Al-Aqsa Mosque is the second oldest mosque in Islam after the Ka'ba in Mecca, and the third in holiness and importance after the mosques in Mecca. AtlasTours.net describes the spiritual importance attached to this house of worship under Muslim tradition: “Ten years after the Prophet Mohammad received his first revelation, he made a miraculous night journey from Mecca to Jerusalem and to the Seven Heavens on a white flying horse called Al-Buraq El-Sharif. During his interval in Jerusalem, the Prophet stopped to pray at the rock (now covered by the golden Dome [“The Dome of the Rock,” which is within the mosque]), and was given the commandment to pray five times a day.”
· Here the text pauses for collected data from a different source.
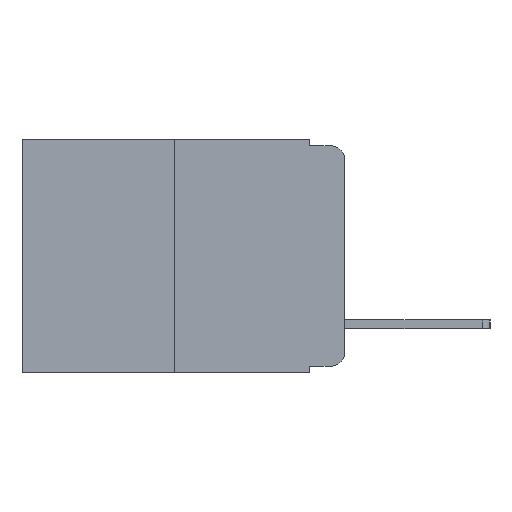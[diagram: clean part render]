
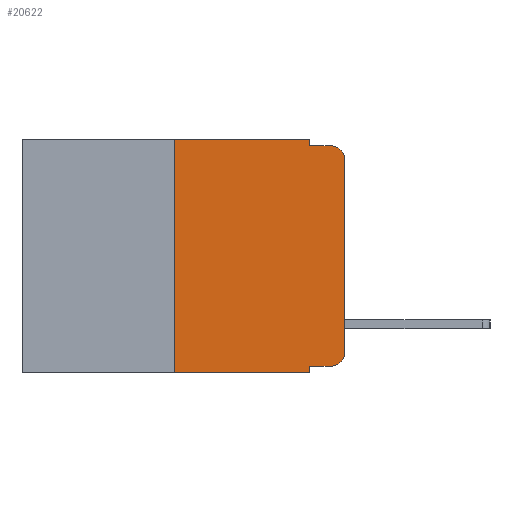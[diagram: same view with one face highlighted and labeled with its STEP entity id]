
A CAD part, left-side view. The second image highlights one B-rep face of the part: STEP entity #20622.
In plain terms, the highlighted planar face has unit normal (-1, 0, 0).
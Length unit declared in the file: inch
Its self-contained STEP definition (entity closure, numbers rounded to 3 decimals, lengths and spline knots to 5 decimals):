
#21 = VERTEX_POINT ( 'NONE', #14714 ) ;
#97 = LINE ( 'NONE', #16013, #16754 ) ;
#248 = ORIENTED_EDGE ( 'NONE', *, *, #2174, .T. ) ;
#1060 = EDGE_CURVE ( 'NONE', #18640, #15360, #10983, .T. ) ;
#1135 = DIRECTION ( 'NONE',  ( 0., -1., 0. ) ) ;
#1165 = DIRECTION ( 'NONE',  ( 0., 0., -1. ) ) ;
#2174 = EDGE_CURVE ( 'NONE', #5603, #18640, #19022, .T. ) ;
#2527 = LINE ( 'NONE', #8064, #18030 ) ;
#2626 = ORIENTED_EDGE ( 'NONE', *, *, #5782, .T. ) ;
#2894 = AXIS2_PLACEMENT_3D ( 'NONE', #4422, #10969, #1165 ) ;
#3166 = DIRECTION ( 'NONE',  ( 0., -1., 0. ) ) ;
#3170 = EDGE_LOOP ( 'NONE', ( #6804, #10714, #5133, #17733, #17944, #3803, #2626, #3189, #248, #8703 ) ) ;
#3189 = ORIENTED_EDGE ( 'NONE', *, *, #5480, .F. ) ;
#3604 = CARTESIAN_POINT ( 'NONE',  ( 0., 0.051, 0. ) ) ;
#3803 = ORIENTED_EDGE ( 'NONE', *, *, #6590, .F. ) ;
#3907 = LINE ( 'NONE', #17924, #8269 ) ;
#4265 = DIRECTION ( 'NONE',  ( 0., 0., 1. ) ) ;
#4422 = CARTESIAN_POINT ( 'NONE',  ( 0., 0.473, 0. ) ) ;
#4842 = DIRECTION ( 'NONE',  ( 0., 0., -1. ) ) ;
#5133 = ORIENTED_EDGE ( 'NONE', *, *, #9833, .F. ) ;
#5188 = DIRECTION ( 'NONE',  ( 0., -1., 0. ) ) ;
#5480 = EDGE_CURVE ( 'NONE', #5603, #14160, #19581, .T. ) ;
#5603 = VERTEX_POINT ( 'NONE', #8818 ) ;
#5782 = EDGE_CURVE ( 'NONE', #10351, #14160, #18374, .T. ) ;
#6088 = PLANE ( 'NONE',  #2894 ) ;
#6383 = CARTESIAN_POINT ( 'NONE',  ( 0., 0.02, -0.03 ) ) ;
#6520 = EDGE_CURVE ( 'NONE', #8930, #9440, #2527, .T. ) ;
#6590 = EDGE_CURVE ( 'NONE', #10351, #8930, #9664, .T. ) ;
#6804 = ORIENTED_EDGE ( 'NONE', *, *, #13022, .T. ) ;
#6867 = DIRECTION ( 'NONE',  ( 0., -1., 0. ) ) ;
#6992 = VECTOR ( 'NONE', #13336, 39.37008 ) ;
#7149 = VECTOR ( 'NONE', #4265, 39.37008 ) ;
#7711 = EDGE_CURVE ( 'NONE', #9440, #14364, #97, .T. ) ;
#7981 = CIRCLE ( 'NONE', #19072, 0.02 ) ;
#8036 = DIRECTION ( 'NONE',  ( 0., 0., -1. ) ) ;
#8064 = CARTESIAN_POINT ( 'NONE',  ( 0., 0.473, 0. ) ) ;
#8196 = DIRECTION ( 'NONE',  ( 0., 0., 1. ) ) ;
#8269 = VECTOR ( 'NONE', #6867, 39.37008 ) ;
#8703 = ORIENTED_EDGE ( 'NONE', *, *, #1060, .T. ) ;
#8818 = CARTESIAN_POINT ( 'NONE',  ( 0., 0.051, -0.333 ) ) ;
#8930 = VERTEX_POINT ( 'NONE', #10713 ) ;
#9440 = VERTEX_POINT ( 'NONE', #16623 ) ;
#9664 = LINE ( 'NONE', #20739, #17057 ) ;
#9833 = EDGE_CURVE ( 'NONE', #14364, #18997, #3907, .T. ) ;
#10000 = VECTOR ( 'NONE', #1135, 39.37008 ) ;
#10351 = VERTEX_POINT ( 'NONE', #20730 ) ;
#10686 = VECTOR ( 'NONE', #5188, 39.37008 ) ;
#10713 = CARTESIAN_POINT ( 'NONE',  ( 0., 0.25, 0. ) ) ;
#10714 = ORIENTED_EDGE ( 'NONE', *, *, #10928, .T. ) ;
#10928 = EDGE_CURVE ( 'NONE', #21, #18997, #7981, .T. ) ;
#10969 = DIRECTION ( 'NONE',  ( 1., 0., 0. ) ) ;
#10983 = CIRCLE ( 'NONE', #18689, 0.02 ) ;
#11081 = FACE_OUTER_BOUND ( 'NONE', #3170, .T. ) ;
#12262 = CARTESIAN_POINT ( 'NONE',  ( 0., 0., -0.313 ) ) ;
#12462 = CARTESIAN_POINT ( 'NONE',  ( 0., 0.02, -0.01 ) ) ;
#13022 = EDGE_CURVE ( 'NONE', #15360, #21, #19719, .T. ) ;
#13336 = DIRECTION ( 'NONE',  ( 0., 0., -1. ) ) ;
#14160 = VERTEX_POINT ( 'NONE', #19777 ) ;
#14364 = VERTEX_POINT ( 'NONE', #15956 ) ;
#14714 = CARTESIAN_POINT ( 'NONE',  ( 0., 0., -0.03 ) ) ;
#15360 = VERTEX_POINT ( 'NONE', #12262 ) ;
#15956 = CARTESIAN_POINT ( 'NONE',  ( 0., 0.051, -0.01 ) ) ;
#16013 = CARTESIAN_POINT ( 'NONE',  ( 0., 0.051, 0. ) ) ;
#16623 = CARTESIAN_POINT ( 'NONE',  ( 0., 0.051, 0. ) ) ;
#16754 = VECTOR ( 'NONE', #4842, 39.37008 ) ;
#16915 = CARTESIAN_POINT ( 'NONE',  ( 0., 0.02, -0.333 ) ) ;
#16977 = CARTESIAN_POINT ( 'NONE',  ( 0., 0., 0. ) ) ;
#17057 = VECTOR ( 'NONE', #8196, 39.37008 ) ;
#17463 = DIRECTION ( 'NONE',  ( -1., 0., 0. ) ) ;
#17733 = ORIENTED_EDGE ( 'NONE', *, *, #7711, .F. ) ;
#17924 = CARTESIAN_POINT ( 'NONE',  ( 0., 0.051, -0.01 ) ) ;
#17944 = ORIENTED_EDGE ( 'NONE', *, *, #6520, .F. ) ;
#18030 = VECTOR ( 'NONE', #3166, 39.37008 ) ;
#18374 = LINE ( 'NONE', #20280, #10000 ) ;
#18507 = DIRECTION ( 'NONE',  ( -1., 0., 0. ) ) ;
#18558 = CARTESIAN_POINT ( 'NONE',  ( 0., 0.02, -0.313 ) ) ;
#18640 = VERTEX_POINT ( 'NONE', #16915 ) ;
#18689 = AXIS2_PLACEMENT_3D ( 'NONE', #18558, #18507, #19293 ) ;
#18997 = VERTEX_POINT ( 'NONE', #12462 ) ;
#19022 = LINE ( 'NONE', #19494, #10686 ) ;
#19072 = AXIS2_PLACEMENT_3D ( 'NONE', #6383, #17463, #8036 ) ;
#19293 = DIRECTION ( 'NONE',  ( 0., 0., -1. ) ) ;
#19494 = CARTESIAN_POINT ( 'NONE',  ( 0., 0.051, -0.333 ) ) ;
#19581 = LINE ( 'NONE', #3604, #6992 ) ;
#19719 = LINE ( 'NONE', #16977, #7149 ) ;
#19777 = CARTESIAN_POINT ( 'NONE',  ( 0., 0.051, -0.343 ) ) ;
#20280 = CARTESIAN_POINT ( 'NONE',  ( 0., 0.473, -0.343 ) ) ;
#20622 = ADVANCED_FACE ( 'NONE', ( #11081 ), #6088, .F. ) ;
#20730 = CARTESIAN_POINT ( 'NONE',  ( 0., 0.25, -0.343 ) ) ;
#20739 = CARTESIAN_POINT ( 'NONE',  ( 0., 0.25, 0. ) ) ;

But then, Jews have a stake in this very land as well; they just have another name for it. “The Temple Mount contains the holiest site in Judaism. Jewish Midrash holds that it was from here that the world expanded into its present form, and that this was where God gathered the dust he used to create the first man, Adam. The Torah records that it was here that God chose to rest His Name and Divine Presence, and consequently two Jewish Temples were built at the site. According to Jewish tradition, the Third Temple will also be located here, and will be the final one. In recent times, due to difficulties in ascertaining the precise location of the Mount's holiest spot, many Jews will not set foot on the Mount itself.” Wikipedia. The Temple Mount is also known as the “Noble Sanctuary” to Muslims, since the Al-Aqsa Mosque sits in this revered place.

Needless to say that no good can come from the same place being of exceptional importance – critical actually – to two religions whose political manifestations appear to be at war with each other. And since Israel captured this land during the 1967 war, each side feels particularly strongly about who should control this site. I won’t even go into the significance of these sites to Christians, because at this moment, they are not a part of the fundamental struggle that embraces the Arab-Israeli hostilities over possession of this holy area.

So what just slipped past us in the Sunday news, while we were paying so much attention to the “main conflicts” in Iraq, Pakistan, Afghanistan and the battle over whether or not Iran has nuclear weapons? The October 25th New York Times: “The [Israeli] police said that their forces had entered the Temple Mount compound twice after Palestinians hurled rocks at officers patrolling there, and that they dispersed rioters with stun grenades… Palestinian medics at the scene said at least 17 Muslims were wounded. Nine police officers were slightly hurt by rocks, a police spokesman said… The Israeli police chief, David Cohen, said the disturbances were precipitated by calls from right-wing Jewish activists and an Islamist group, the Islamic Movement, for their supporters to ascend the mount on Sunday… Anticipating violence, hundreds of riot police officers took up positions in and around the Old City, prompting Muslims to accuse Israel of provocation.”

The Arab press supported Palestinian claims that they were protecting this holy Islamic site from “Jewish settlers” bent on further encroachment into Arab lands; right wing Jews wondered why the government even tolerated Muslim worshipers in their sacred site. As new Jewish settlements are permitted, perhaps even encouraged, within the mostly-Arab West Bank by the Israeli government, it is difficult to see how President Obama’s efforts at untangling the West Bank as a Palestinian “state” could find a path to implementation. But even if those concessions could be worked out, would Muslims and Jews ever accept that the Temple Mount/Nobel Sanctuary could ever be shared on any basis, even if controlled by a thoroughly neutral party? And without resolution in this volatile area, is peaceful co-existence between Western nations and the Muslim world remotely possible?

I’m Peter Dekom, and yes, I do lose sleep over these issues.